Following patient discharge, the first return visit to the outpatient clinic may occur within 10 to 14 days. During this visit and subsequent visits, standard foot, ankle, and lower extremity radiographs should be obtained for evaluation of the index procedure. In cases where either lower limb lengthening or compression arthrodesis occurs, radiographs of the adjacent uninvolved joints should similarly be included in the series to evaluate for potential joint incongruency. Patients may follow up every 1 to 2 weeks as needed during the active external fixation adjustment phase. In cases where a static circular external fixator was utilized and no postoperative corrections through the external fixator are occurring, visits may be spaced to every 3 to 4 weeks. In cases of arthrodesis or lower extremity
lengthening, an external bone stimulator may be applied to help facilitate the healing process. Several units have been made to be attached directly to the external fixator through an adaptor if needed during the postoperative period.

Wire/pin tract issues are the greatest potential complication and challenge following application of external fixators. Wire/pin vulnerability for irritation or infection is dependent on location, position of the transosseous wire or half-pin, the degree of soft tissue overlying the wire/pin site, external fixation stability, and risk for trauma during the postoperative period. In the immediate perioperative period, petroleum gauze wrapped around the pin sites combined with wire/pin sponges or Betadine-soaked adaptic dressings applied at the time of surgery meet the minimum needs. In the postoperative period, the initial wire/pin dressing needs to be inspected and cleaned and wire/pin sites may be addressed with normal saline alone, antibacterial soap and water, or Betadine-soaked non-adherent dressings. Irritants such as alcohol or peroxide should be avoided for risk of inflaming surrounding soft tissue. A bacterial ointment may be applied at the wire/pin interface followed by application of the dressing. Commercially available wire/pin sponges are now available that have silver-impregnated antibacterial properties which can be applied with a wire/pin clamp to minimize soft tissue excursion (see Chapter 5). Alternatively, a cut 2 × 2 in. or 4 × 4 in. in multiple layers combined with a Kerlix wrap allows minimal soft tissue excursion around the wires/pins, thus reducing risk for irritation or infection (see Chapter 5). Crusting around the wires/pins may develop and by itself is not a sign or increased risk for infection. The wire/pin crusts can be removed safely thus reducing the potential for trapping bacteria underneath the soft tissue crust (Figure 23.3). Wire/pins may be noted to demonstrate some redness in a zone around the wire/pin which blanches under pressure.
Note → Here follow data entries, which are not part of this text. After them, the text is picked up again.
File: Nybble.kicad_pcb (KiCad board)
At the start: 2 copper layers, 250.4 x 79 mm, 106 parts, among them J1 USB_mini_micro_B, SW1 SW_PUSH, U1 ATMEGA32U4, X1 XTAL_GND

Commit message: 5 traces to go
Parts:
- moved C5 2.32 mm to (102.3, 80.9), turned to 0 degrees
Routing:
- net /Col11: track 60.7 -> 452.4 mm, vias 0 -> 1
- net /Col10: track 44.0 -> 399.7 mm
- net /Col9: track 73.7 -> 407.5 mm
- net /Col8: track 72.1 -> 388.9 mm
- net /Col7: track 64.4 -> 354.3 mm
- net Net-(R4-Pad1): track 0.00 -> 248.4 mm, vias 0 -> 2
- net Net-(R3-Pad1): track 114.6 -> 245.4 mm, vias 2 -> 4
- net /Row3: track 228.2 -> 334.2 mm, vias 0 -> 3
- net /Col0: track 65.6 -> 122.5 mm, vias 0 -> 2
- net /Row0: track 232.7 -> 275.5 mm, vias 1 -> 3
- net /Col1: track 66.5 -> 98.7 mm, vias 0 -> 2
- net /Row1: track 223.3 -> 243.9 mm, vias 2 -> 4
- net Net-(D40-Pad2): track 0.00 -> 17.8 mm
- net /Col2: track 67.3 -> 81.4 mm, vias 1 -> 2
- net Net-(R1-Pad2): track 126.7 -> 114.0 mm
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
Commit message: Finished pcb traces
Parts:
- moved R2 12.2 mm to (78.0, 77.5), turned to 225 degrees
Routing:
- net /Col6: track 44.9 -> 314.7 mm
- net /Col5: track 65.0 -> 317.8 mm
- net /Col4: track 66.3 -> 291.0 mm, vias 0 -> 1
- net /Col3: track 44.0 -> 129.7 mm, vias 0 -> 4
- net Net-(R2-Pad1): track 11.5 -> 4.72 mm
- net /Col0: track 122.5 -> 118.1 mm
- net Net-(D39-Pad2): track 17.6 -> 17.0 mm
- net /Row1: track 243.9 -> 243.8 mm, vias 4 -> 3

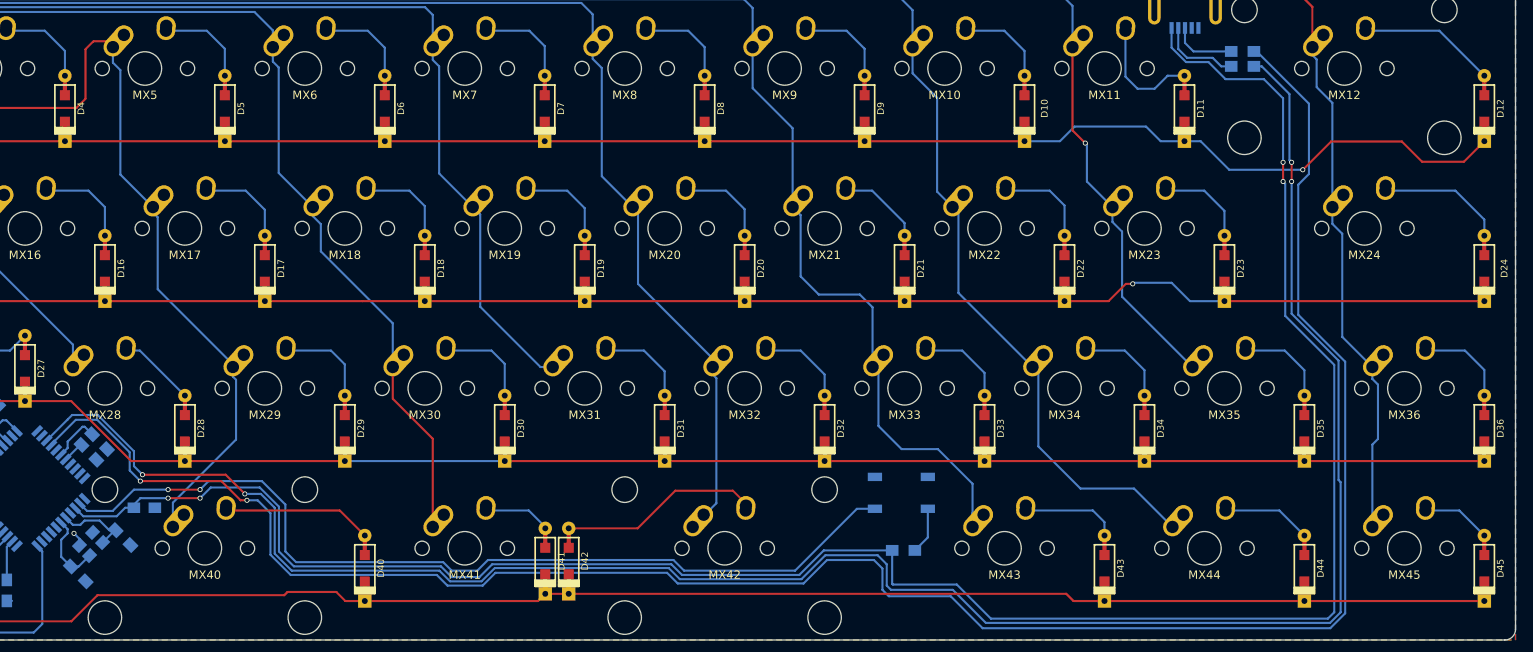
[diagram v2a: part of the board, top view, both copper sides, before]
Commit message: Fixed a few traces that were breaking the ground plane
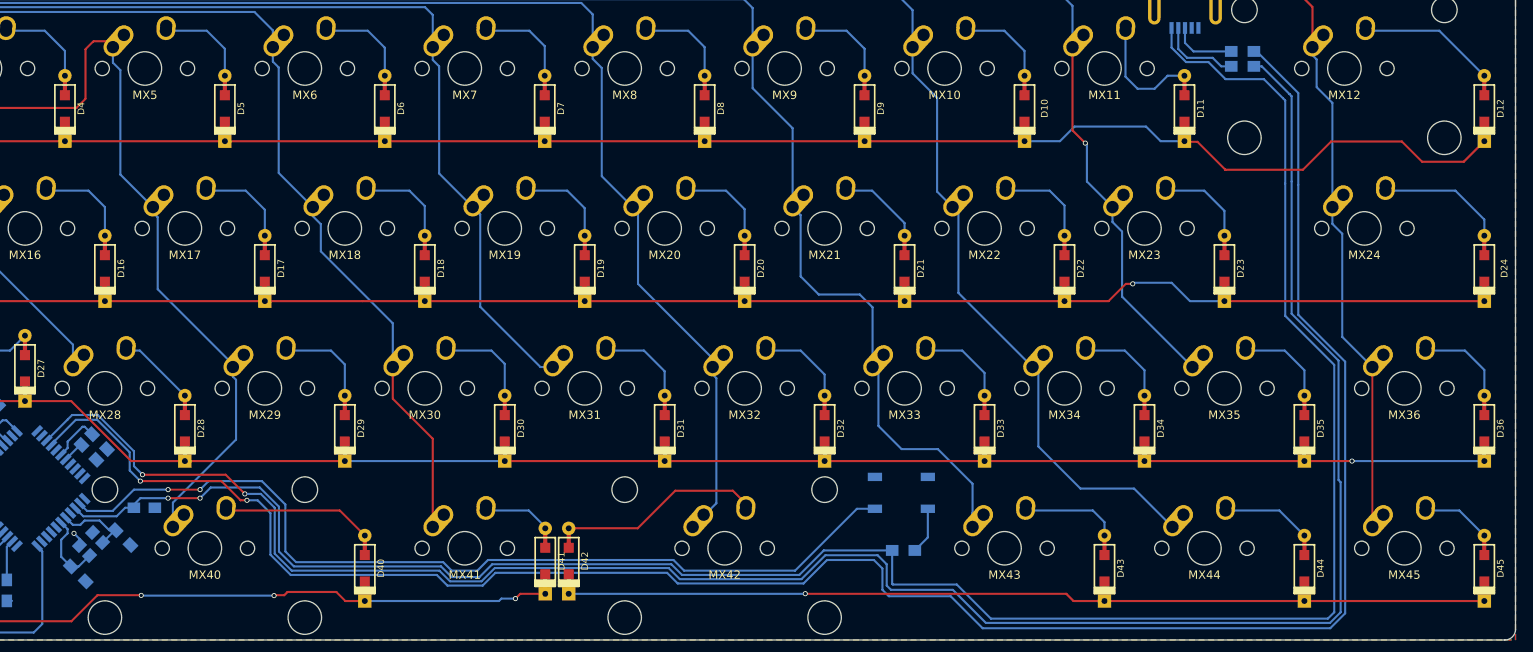
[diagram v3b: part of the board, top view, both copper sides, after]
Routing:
- net /Row3: track 334.2 -> 331.7 mm, vias 3 -> 7
- net Net-(R4-Pad1): track 248.4 -> 247.3 mm
- net /Col11: track 452.4 -> 451.9 mm
- net /Row0: vias 3 -> 2
- net Net-(R3-Pad1): vias 4 -> 2
- net /Row2: vias 2 -> 3
- net VCC: vias 4 -> 2

This case is more related to wire/pin inflammation and a nonsteroidal anti-inflammatory may help with addressing discomfort associated with inflammation signs (Figure 23.4). Wire/pin irritation may increase as additional wire/pin tension develops in cases of compression or distraction osteogenesis. In these cases, the corresponding skin in front of the wire/pin may need to be released with a no. 11 blade (Figure 23.5). This technique can be performed under local anesthesia in the clinical setting when warranted.